> **PROBLEM DETAILS**
With pictures excluded, copy word for word the lines in the data below from the line containing "#27665 = CARTESIAN_POINT" through the line containing "#4328 = CARTESIAN_POINT".

> **PROVIDED RECORDS**
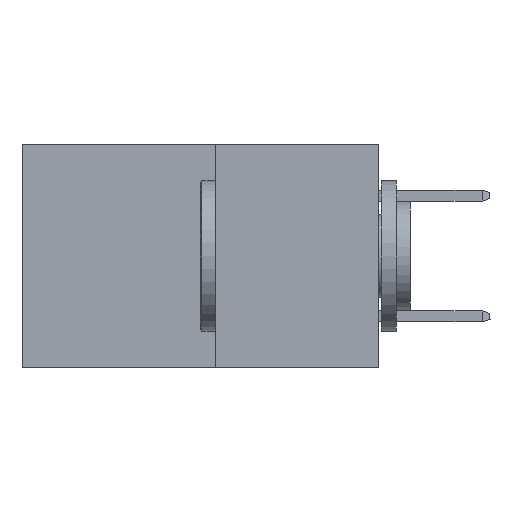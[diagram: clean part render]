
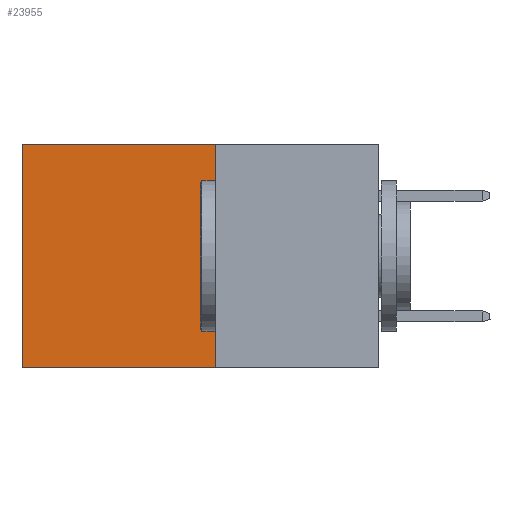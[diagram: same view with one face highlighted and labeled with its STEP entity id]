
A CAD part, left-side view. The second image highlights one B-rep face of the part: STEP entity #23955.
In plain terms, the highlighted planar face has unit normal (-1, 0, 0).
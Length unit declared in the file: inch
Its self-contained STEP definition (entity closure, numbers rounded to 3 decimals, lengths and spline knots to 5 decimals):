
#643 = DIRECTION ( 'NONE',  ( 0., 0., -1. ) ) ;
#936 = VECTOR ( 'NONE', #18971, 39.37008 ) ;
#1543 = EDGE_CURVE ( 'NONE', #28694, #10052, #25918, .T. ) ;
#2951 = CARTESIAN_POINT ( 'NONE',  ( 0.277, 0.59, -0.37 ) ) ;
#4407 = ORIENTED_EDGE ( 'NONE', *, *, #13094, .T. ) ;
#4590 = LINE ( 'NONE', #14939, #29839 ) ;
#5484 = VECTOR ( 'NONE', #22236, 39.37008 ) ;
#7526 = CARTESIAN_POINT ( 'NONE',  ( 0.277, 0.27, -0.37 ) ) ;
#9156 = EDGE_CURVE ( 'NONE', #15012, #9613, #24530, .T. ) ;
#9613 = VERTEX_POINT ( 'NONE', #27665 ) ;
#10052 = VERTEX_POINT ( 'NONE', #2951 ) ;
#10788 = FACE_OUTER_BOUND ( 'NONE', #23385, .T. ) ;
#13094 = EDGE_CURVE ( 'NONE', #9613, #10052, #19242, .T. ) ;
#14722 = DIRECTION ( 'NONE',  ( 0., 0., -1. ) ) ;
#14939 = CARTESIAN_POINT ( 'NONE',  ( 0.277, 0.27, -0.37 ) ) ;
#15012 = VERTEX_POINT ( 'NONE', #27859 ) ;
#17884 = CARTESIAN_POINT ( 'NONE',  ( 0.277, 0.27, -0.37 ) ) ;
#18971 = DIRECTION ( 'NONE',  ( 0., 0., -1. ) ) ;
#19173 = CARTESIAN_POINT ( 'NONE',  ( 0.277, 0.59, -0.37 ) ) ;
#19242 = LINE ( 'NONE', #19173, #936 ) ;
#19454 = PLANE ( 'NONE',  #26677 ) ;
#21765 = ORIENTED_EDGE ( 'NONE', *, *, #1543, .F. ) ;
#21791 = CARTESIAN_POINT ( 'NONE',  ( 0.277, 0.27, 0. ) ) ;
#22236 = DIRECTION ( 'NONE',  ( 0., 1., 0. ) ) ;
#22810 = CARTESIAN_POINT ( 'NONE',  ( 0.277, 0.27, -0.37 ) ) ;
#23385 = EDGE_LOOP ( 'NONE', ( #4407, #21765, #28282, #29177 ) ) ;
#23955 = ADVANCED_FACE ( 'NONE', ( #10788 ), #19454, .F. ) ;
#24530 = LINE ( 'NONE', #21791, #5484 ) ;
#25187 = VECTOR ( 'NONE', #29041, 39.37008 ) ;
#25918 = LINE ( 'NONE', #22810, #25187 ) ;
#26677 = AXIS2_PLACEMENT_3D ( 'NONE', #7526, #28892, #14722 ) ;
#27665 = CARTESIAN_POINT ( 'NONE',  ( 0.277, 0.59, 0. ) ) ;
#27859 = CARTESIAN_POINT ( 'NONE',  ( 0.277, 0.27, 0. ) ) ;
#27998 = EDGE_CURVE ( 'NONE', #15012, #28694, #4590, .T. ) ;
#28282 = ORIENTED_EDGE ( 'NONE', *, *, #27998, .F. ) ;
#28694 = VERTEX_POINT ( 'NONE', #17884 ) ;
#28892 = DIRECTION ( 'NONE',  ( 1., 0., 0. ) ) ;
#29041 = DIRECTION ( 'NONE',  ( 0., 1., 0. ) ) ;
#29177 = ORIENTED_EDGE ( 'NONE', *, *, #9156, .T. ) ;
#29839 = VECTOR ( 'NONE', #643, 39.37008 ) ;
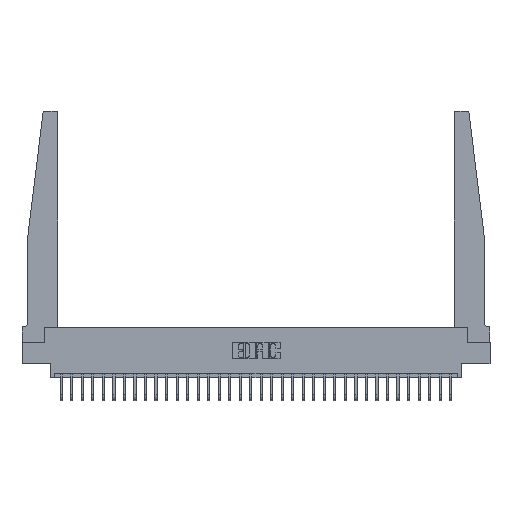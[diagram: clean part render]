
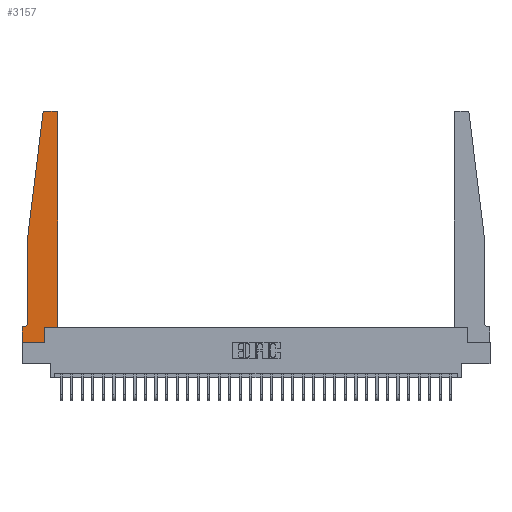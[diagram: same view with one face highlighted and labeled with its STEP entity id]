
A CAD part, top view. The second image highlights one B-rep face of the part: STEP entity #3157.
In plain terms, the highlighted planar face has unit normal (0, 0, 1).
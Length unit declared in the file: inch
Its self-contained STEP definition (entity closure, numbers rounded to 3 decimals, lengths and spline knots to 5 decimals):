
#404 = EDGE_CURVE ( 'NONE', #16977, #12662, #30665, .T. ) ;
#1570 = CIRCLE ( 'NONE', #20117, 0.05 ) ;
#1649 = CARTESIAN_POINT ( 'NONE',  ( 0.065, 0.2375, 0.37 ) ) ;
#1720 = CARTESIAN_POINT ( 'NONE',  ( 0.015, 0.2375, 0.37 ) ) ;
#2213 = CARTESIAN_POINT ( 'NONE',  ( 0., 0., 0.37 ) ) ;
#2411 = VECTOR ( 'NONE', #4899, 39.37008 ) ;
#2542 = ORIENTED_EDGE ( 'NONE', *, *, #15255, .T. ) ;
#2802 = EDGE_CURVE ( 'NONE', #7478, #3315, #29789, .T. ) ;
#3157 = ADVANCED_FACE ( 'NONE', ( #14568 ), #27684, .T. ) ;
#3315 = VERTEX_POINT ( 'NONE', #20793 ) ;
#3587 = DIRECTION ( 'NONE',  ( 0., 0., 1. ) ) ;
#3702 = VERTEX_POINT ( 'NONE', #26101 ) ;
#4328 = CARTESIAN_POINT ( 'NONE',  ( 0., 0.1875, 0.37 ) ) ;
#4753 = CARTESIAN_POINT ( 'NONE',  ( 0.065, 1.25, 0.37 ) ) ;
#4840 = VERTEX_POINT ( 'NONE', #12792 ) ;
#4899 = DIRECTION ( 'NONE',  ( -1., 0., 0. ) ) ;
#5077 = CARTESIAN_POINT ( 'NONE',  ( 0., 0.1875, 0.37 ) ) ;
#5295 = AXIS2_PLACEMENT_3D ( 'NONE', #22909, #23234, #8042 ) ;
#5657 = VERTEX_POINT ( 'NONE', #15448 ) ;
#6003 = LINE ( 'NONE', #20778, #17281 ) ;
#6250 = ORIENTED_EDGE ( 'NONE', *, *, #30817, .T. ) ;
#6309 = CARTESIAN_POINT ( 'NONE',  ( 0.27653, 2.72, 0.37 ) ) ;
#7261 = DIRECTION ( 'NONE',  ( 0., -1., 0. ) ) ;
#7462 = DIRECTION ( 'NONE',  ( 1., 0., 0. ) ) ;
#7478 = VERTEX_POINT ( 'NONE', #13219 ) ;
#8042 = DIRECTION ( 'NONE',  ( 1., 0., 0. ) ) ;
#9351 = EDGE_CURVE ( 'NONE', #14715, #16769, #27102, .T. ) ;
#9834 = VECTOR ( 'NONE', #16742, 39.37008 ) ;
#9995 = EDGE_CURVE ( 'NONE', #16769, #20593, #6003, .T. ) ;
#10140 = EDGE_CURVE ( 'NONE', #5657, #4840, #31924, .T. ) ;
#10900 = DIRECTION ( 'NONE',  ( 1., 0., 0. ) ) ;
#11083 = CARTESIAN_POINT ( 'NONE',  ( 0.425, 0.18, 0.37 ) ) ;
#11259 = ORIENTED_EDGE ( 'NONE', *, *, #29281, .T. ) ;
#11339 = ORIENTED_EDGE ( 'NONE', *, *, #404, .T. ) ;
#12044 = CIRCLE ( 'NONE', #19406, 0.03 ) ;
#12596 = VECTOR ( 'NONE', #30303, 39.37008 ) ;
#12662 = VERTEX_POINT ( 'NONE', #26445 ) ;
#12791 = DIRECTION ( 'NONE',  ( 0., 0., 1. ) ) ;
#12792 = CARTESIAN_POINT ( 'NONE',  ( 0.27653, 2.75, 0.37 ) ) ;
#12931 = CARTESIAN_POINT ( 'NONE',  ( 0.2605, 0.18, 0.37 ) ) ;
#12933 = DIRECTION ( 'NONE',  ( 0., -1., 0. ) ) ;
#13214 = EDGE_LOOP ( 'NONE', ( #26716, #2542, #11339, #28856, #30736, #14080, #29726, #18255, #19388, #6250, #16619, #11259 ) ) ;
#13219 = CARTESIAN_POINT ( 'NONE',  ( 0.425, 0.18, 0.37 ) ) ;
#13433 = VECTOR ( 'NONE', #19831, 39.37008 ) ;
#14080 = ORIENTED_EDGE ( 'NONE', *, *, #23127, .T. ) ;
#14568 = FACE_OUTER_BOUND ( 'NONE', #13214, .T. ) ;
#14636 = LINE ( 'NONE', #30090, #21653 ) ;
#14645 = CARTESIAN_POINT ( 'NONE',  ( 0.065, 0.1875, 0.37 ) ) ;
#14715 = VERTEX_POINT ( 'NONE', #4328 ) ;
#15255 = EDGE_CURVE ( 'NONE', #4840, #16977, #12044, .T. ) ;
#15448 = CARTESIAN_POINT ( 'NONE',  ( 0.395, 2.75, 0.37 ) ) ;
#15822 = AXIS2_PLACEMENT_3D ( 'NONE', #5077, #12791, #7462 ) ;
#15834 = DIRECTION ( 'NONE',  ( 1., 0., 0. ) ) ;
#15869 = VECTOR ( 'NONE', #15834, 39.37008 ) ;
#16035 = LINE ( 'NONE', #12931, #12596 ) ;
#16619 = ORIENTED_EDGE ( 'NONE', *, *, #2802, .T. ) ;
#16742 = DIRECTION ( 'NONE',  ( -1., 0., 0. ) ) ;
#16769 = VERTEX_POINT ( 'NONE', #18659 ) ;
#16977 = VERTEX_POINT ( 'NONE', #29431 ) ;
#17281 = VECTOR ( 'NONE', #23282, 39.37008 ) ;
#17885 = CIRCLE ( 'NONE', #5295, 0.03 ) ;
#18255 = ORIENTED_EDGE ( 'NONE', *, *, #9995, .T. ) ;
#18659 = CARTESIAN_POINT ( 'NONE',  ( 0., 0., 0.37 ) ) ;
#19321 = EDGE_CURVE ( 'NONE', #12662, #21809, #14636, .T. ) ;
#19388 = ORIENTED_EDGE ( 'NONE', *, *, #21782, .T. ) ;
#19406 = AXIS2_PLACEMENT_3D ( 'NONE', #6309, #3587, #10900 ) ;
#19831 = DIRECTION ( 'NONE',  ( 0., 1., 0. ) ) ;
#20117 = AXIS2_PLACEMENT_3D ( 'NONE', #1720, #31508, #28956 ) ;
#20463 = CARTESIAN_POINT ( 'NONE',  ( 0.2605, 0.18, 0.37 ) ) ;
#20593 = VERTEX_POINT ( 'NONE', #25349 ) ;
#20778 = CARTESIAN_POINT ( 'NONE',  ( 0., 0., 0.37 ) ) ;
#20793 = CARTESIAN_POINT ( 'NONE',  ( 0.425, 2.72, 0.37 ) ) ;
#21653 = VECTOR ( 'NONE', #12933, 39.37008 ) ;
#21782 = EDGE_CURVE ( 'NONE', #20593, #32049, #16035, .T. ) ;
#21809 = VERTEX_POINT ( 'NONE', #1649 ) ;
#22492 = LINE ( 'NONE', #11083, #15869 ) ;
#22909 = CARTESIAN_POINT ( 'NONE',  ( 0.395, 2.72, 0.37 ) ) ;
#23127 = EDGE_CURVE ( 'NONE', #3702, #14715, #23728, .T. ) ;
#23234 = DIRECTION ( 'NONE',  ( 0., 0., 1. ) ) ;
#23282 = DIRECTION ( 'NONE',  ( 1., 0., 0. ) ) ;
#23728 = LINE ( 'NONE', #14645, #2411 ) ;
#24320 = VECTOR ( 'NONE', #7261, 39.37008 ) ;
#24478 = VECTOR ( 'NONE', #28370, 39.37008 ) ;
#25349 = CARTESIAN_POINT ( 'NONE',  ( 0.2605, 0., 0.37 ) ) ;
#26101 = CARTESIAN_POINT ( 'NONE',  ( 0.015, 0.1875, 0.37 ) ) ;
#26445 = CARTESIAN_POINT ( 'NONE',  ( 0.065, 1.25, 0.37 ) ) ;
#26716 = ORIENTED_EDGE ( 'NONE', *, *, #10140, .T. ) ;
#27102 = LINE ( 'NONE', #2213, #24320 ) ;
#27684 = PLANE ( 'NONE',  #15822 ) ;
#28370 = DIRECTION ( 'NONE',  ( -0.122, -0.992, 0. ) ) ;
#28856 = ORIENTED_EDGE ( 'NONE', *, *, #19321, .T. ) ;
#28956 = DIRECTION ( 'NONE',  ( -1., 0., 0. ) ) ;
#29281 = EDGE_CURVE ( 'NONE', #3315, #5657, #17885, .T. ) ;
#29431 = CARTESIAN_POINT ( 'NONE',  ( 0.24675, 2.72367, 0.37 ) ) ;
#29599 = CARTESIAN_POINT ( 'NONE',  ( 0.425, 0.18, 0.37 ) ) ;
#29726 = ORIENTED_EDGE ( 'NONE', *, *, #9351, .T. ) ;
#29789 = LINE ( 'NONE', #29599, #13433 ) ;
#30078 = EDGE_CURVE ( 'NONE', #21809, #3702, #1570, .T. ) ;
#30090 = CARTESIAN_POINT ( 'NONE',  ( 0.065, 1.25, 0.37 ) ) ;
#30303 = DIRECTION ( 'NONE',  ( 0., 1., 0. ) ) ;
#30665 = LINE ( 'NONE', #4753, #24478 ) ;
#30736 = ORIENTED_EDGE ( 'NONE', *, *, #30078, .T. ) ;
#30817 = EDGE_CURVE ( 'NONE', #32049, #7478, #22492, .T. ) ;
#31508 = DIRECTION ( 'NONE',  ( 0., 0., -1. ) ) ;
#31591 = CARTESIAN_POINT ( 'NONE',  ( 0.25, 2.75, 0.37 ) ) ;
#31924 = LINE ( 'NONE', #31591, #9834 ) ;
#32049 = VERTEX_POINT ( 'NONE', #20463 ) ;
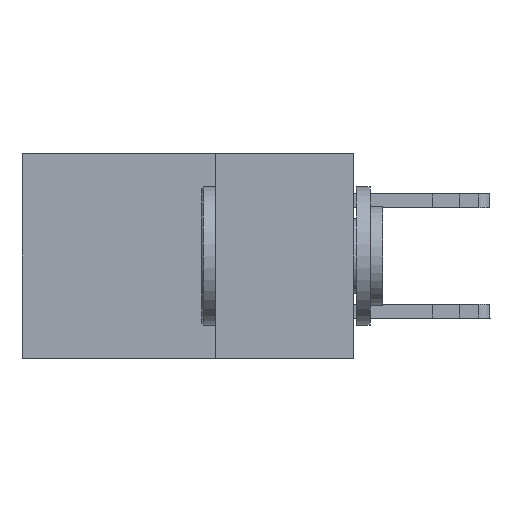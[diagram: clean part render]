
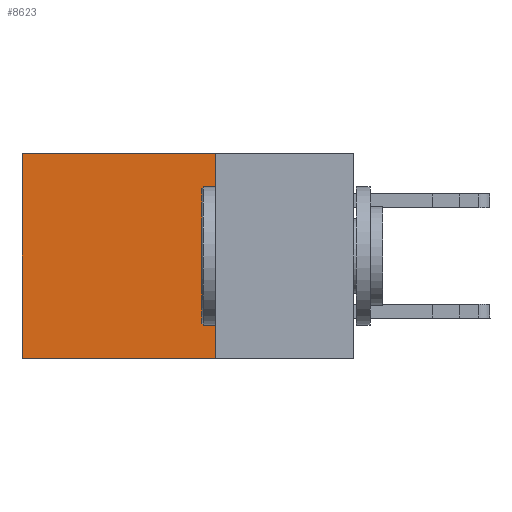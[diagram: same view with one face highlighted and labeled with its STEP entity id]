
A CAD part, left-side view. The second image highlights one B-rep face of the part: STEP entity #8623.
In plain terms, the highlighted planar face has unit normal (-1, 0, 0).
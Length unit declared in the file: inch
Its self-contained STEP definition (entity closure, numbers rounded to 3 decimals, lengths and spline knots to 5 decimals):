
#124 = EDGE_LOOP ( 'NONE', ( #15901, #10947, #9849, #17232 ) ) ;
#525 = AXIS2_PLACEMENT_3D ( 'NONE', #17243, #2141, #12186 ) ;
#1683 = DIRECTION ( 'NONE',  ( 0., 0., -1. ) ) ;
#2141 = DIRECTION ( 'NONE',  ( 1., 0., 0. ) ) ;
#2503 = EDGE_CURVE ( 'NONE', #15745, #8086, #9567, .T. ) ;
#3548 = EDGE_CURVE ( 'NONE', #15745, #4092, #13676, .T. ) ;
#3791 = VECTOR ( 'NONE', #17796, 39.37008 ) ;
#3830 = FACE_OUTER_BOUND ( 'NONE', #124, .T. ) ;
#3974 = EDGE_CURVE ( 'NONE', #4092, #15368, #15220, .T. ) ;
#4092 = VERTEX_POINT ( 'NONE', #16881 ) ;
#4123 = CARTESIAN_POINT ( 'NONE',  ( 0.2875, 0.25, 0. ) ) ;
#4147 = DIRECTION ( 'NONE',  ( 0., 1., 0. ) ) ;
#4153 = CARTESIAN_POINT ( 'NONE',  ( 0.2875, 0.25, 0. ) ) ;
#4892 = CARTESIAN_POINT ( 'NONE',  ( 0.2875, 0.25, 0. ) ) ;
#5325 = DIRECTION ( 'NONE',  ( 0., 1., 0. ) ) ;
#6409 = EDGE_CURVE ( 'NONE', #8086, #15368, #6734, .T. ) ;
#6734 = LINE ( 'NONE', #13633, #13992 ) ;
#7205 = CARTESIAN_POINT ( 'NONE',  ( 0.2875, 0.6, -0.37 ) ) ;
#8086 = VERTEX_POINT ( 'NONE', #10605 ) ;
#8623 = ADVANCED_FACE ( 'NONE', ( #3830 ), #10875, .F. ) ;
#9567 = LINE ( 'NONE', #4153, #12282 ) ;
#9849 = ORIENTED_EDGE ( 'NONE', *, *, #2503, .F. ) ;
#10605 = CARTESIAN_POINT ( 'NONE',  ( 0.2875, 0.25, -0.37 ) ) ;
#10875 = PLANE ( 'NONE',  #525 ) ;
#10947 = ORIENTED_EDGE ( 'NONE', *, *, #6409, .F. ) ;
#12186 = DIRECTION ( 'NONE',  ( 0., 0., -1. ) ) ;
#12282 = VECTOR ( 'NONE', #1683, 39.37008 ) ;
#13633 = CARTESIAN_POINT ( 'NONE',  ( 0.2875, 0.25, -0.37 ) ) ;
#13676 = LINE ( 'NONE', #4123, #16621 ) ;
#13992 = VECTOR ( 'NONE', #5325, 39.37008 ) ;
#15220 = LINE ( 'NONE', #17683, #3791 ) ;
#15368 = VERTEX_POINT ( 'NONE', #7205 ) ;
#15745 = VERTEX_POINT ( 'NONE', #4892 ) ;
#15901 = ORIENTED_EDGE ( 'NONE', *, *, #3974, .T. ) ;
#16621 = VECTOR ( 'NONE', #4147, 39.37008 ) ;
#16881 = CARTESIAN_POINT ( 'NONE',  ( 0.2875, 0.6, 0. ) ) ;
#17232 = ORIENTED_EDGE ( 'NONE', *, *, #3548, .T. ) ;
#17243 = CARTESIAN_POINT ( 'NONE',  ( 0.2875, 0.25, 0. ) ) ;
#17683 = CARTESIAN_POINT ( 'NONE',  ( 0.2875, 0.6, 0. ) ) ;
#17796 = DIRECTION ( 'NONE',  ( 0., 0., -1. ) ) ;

> **WRITTEN REPLY**
#27665 = CARTESIAN_POINT ( 'NONE',  ( 0.277, 0.59, 0. ) ) ;
#27859 = CARTESIAN_POINT ( 'NONE',  ( 0.277, 0.27, 0. ) ) ;
#27998 = EDGE_CURVE ( 'NONE', #15012, #28694, #4590, .T. ) ;
#28282 = ORIENTED_EDGE ( 'NONE', *, *, #27998, .F. ) ;
#28694 = VERTEX_POINT ( 'NONE', #17884 ) ;
#28892 = DIRECTION ( 'NONE',  ( 1., 0., 0. ) ) ;
#29041 = DIRECTION ( 'NONE',  ( 0., 1., 0. ) ) ;
#29177 = ORIENTED_EDGE ( 'NONE', *, *, #9156, .T. ) ;
#29839 = VECTOR ( 'NONE', #643, 39.37008 ) ;
[diagram: clean part render]
[diagram: same view with one face highlighted and labeled with its STEP entity id]
A CAD part, top view. The second image highlights one B-rep face of the part: STEP entity #3157.
In plain terms, the highlighted planar face has unit normal (0, 0, 1).
Length unit declared in the file: inch
Its self-contained STEP definition (entity closure, numbers rounded to 3 decimals, lengths and spline knots to 5 decimals):
#404 = EDGE_CURVE ( 'NONE', #16977, #12662, #30665, .T. ) ;
#1570 = CIRCLE ( 'NONE', #20117, 0.05 ) ;
#1649 = CARTESIAN_POINT ( 'NONE',  ( 0.065, 0.2375, 0.37 ) ) ;
#1720 = CARTESIAN_POINT ( 'NONE',  ( 0.015, 0.2375, 0.37 ) ) ;
#2213 = CARTESIAN_POINT ( 'NONE',  ( 0., 0., 0.37 ) ) ;
#2411 = VECTOR ( 'NONE', #4899, 39.37008 ) ;
#2542 = ORIENTED_EDGE ( 'NONE', *, *, #15255, .T. ) ;
#2802 = EDGE_CURVE ( 'NONE', #7478, #3315, #29789, .T. ) ;
#3157 = ADVANCED_FACE ( 'NONE', ( #14568 ), #27684, .T. ) ;
#3315 = VERTEX_POINT ( 'NONE', #20793 ) ;
#3587 = DIRECTION ( 'NONE',  ( 0., 0., 1. ) ) ;
#3702 = VERTEX_POINT ( 'NONE', #26101 ) ;
#4328 = CARTESIAN_POINT ( 'NONE',  ( 0., 0.1875, 0.37 ) ) ;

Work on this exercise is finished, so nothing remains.